The news: Facebook has announced that people will soon be able to opt out of seeing political adverts on its platform. It will start giving a small group of US users the ability to hide adverts from candidates or political action committees in their Facebook or Instagram feeds before expanding it to all US users and several other countries in the coming weeks.
In an op-ed in USA Today, Facebook co-founder and CEO Mark Zuckerberg said users will still be reminded to vote, and the company aims to help 4 million people register. “I believe Facebook has a responsibility not just to prevent voter suppression — which disproportionately targets people of color — but also to actively support well-informed voter engagement, registration and turnout,” he wrote.
Are you seeing what I’m seeing? Facebook is trying to respond to one of the biggest criticisms it’s faced in recent years, including from the Biden presidential campaign—that it exempts political adverts from its fact-checking program, thus letting politicians lie without consequence on its platform. Letting users opt out doesn’t change that.

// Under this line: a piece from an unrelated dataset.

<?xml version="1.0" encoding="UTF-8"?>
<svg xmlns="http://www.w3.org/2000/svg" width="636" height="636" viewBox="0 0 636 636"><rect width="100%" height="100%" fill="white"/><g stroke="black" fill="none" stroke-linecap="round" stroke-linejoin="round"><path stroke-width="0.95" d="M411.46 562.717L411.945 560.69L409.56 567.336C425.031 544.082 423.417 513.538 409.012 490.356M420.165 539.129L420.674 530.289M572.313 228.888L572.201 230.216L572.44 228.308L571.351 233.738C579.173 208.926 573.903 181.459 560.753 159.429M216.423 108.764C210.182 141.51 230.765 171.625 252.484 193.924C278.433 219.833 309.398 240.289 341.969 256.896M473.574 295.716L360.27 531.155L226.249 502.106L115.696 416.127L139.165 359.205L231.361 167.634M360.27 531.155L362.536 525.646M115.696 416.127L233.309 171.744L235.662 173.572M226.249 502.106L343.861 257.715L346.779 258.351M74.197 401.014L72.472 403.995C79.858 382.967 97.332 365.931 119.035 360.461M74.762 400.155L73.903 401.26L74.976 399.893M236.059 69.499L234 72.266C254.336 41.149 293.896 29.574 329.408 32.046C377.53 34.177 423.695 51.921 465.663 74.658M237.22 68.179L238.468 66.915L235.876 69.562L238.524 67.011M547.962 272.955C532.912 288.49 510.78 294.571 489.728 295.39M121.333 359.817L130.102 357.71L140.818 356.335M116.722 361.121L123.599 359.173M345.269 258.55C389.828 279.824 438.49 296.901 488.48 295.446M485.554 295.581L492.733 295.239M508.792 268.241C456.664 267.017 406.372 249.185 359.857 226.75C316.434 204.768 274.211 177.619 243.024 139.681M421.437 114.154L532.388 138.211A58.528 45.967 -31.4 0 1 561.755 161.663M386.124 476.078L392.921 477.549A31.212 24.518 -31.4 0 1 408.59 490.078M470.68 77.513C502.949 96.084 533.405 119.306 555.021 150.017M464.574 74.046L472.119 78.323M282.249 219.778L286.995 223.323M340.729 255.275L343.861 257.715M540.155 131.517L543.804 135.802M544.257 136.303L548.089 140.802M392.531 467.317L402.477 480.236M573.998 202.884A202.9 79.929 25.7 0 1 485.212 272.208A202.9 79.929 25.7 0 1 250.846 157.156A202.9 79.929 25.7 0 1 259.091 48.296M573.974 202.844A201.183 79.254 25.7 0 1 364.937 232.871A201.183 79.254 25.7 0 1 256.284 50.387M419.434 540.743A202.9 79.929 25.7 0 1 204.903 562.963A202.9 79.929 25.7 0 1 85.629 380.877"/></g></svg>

And that’s not all: It also doesn’t deal with another common claim about online political ads, which is that micro-targeting voters by area, age, or gender is unhealthy for democracy, as it reduces accountability and lets misinformation spread quickly. Social media companies have diverged on this issue. Twitter stopped accepting political adverts last year. Its co-founder and CEO Jack Dorsey said: “We believe political message reach should be earned, not bought.”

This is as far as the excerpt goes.